VCD_TARGET flag and target COPY instructions not allowed for SDCH

The SDCH protocol is intended to produce a delta between static dictionary data and target data. Secondary compression with gzip will be used to eliminate redundancy within the target data. For this reason, when using VCDIFF for SDCH, the Win_Indicator flag should always include the VCD_SOURCE flag, never the VCD_TARGET flag. COPY instructions should only reference addresses within the source data, never within the previously decoded target.

The Xdelta package (http://xdelta.org) produces a format based on VCDIFF, though not 100% compatible with the RFC draft standard. That package has been released under the GNU General Public License.

15. References

15.1. Normative References

[RFC2119]	Bradner, S., "Key words for use in RFCs to Indicate Requirement Levels", BCP 14, RFC 2119, DOI 10.17487/RFC2119, March 1997.
[RFC7230]	Fielding, R. and J. Reschke, "Hypertext Transfer Protocol (HTTP/1.1): Message Syntax and Routing", RFC 7230, DOI 10.17487/RFC7230, June 2014.

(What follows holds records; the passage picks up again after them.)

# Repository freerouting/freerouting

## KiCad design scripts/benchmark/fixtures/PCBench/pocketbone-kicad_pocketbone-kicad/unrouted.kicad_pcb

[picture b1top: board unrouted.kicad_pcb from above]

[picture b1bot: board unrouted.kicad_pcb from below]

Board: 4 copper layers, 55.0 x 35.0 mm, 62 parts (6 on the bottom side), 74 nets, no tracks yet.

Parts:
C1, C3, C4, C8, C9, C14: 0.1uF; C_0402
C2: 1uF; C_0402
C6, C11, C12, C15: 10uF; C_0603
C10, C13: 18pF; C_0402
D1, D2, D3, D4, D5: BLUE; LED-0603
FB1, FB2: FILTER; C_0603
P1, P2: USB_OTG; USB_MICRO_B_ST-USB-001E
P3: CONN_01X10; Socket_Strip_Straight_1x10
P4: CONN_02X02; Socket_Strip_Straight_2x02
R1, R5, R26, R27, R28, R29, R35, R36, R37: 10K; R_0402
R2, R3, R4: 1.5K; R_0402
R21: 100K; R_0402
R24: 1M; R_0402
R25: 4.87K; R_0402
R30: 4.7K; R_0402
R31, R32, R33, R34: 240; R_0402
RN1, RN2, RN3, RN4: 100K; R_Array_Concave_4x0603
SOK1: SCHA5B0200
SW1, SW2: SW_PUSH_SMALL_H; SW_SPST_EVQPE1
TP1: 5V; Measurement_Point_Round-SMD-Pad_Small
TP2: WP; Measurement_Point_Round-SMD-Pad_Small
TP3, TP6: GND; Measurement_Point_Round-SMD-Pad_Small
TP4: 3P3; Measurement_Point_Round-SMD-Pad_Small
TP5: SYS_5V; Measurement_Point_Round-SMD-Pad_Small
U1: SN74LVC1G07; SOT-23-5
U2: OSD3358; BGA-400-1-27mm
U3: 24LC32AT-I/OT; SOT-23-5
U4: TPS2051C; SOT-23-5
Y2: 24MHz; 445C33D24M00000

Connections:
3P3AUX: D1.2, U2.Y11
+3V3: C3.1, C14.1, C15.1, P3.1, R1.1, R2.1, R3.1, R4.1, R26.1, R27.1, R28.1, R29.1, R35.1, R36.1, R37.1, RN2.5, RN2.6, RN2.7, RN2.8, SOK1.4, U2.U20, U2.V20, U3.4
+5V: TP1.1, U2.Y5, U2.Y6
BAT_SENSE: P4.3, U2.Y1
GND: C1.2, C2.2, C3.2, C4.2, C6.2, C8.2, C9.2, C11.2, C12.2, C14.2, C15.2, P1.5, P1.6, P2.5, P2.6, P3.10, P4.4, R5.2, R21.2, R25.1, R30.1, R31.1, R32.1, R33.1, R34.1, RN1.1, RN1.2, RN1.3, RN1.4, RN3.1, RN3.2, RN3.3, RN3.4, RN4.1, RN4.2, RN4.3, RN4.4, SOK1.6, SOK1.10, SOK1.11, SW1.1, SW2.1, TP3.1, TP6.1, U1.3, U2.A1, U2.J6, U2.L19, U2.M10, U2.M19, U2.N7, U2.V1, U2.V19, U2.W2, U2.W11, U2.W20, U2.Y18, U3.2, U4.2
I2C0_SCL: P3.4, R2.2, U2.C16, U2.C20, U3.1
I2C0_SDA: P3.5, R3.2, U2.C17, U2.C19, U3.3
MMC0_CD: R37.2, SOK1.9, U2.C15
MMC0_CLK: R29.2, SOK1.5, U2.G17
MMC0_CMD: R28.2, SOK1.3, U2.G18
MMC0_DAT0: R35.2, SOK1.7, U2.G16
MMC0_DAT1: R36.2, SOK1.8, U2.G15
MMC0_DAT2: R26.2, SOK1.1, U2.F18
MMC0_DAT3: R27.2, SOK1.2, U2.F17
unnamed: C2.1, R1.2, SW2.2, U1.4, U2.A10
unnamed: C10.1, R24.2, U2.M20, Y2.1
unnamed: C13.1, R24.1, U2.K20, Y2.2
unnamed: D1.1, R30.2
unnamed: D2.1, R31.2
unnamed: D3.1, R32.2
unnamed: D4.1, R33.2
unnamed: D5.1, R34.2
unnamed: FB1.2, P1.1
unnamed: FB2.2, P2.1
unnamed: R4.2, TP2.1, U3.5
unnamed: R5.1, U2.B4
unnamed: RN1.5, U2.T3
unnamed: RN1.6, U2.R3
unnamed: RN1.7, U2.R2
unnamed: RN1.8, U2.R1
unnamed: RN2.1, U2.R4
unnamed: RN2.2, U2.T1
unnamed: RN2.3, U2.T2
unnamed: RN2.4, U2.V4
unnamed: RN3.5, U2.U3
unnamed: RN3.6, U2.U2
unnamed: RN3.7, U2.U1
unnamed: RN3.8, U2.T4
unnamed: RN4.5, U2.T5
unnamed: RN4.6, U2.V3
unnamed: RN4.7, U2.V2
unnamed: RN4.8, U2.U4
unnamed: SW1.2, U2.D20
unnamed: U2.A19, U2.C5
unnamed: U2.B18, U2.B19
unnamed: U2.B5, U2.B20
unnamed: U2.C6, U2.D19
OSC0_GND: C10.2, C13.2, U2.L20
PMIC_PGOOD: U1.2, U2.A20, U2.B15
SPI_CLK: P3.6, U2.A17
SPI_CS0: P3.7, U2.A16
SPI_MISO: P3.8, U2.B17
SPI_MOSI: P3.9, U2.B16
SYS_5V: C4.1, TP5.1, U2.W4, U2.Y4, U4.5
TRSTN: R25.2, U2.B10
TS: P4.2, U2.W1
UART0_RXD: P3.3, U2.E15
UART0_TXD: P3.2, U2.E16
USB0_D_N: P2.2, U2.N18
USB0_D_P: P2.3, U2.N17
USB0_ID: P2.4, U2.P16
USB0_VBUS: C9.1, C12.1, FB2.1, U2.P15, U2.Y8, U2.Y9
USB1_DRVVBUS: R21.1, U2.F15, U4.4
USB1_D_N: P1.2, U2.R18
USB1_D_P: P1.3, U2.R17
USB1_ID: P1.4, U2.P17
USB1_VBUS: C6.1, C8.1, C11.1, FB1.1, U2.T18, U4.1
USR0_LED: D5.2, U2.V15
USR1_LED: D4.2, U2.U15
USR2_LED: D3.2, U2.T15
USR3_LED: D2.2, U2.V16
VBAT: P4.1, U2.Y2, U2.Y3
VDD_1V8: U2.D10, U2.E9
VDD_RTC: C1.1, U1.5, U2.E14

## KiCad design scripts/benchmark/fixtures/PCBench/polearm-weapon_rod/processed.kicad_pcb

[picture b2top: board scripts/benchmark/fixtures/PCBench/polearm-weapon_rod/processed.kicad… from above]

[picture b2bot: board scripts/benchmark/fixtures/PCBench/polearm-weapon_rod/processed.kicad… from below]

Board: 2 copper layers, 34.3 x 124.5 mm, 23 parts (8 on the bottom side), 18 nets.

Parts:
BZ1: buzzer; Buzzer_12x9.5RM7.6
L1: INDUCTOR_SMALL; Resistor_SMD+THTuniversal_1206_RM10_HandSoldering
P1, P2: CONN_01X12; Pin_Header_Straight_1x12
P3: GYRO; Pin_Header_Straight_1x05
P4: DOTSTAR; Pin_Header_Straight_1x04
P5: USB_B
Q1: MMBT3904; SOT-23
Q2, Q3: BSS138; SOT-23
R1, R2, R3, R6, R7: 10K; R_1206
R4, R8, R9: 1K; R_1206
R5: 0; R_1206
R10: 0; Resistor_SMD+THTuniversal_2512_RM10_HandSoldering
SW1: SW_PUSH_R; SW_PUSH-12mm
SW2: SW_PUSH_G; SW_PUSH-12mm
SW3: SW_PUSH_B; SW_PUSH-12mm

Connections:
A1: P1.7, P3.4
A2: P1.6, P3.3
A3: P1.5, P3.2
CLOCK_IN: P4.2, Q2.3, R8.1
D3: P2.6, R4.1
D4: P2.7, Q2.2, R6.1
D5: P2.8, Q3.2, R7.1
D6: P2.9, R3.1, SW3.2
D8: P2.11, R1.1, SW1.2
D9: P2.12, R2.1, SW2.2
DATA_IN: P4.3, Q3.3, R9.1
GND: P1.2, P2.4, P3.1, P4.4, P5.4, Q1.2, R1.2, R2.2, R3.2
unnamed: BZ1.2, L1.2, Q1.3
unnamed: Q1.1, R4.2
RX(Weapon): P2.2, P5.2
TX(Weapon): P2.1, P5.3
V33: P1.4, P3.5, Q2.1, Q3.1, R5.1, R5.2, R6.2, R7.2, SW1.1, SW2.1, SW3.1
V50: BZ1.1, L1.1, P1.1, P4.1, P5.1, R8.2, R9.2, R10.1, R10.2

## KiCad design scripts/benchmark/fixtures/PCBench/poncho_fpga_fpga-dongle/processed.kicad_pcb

15.2. Informative References

[RFC3284]	Korn, D., MacDonald, J., Mogul, J. and K. Vo, "The VCDIFF Generic Differencing and Compression Data Format", RFC 3284, DOI 10.17487/RFC3284, June 2002.
[RFC3229]	Mogul, J., Krishnamurthy, B., Douglis, F., Feldmann, A., Goland, Y., van Hoff, A. and D. Hellerstein, "Delta encoding in HTTP", RFC 3229, DOI 10.17487/RFC3229, January 2002.
[RFC3929]	Hardie, T., "Alternative Decision Making Processes for Consensus-Blocked Decisions in the IETF", RFC 3929, DOI 10.17487/RFC3929, October 2004.
[RFC3548]	Josefsson, S., "The Base16, Base32, and Base64 Data Encodings", RFC 3548, DOI 10.17487/RFC3548, July 2003.
[RFC2965]	Kristol, D. and L. Montulli, "HTTP State Management Mechanism", RFC 2965, DOI 10.17487/RFC2965, October 2000.
[RFC1950]	Deutsch, P. and J-L. Gailly, "ZLIB Compressed Data Format Specification version 3.3", RFC 1950, DOI 10.17487/RFC1950, May 1996.
[RFC6234]	Eastlake 3rd, D. and T. Hansen, "US Secure Hash Algorithms (SHA and SHA-based HMAC and HKDF)", RFC 6234, DOI 10.17487/RFC6234, May 2011.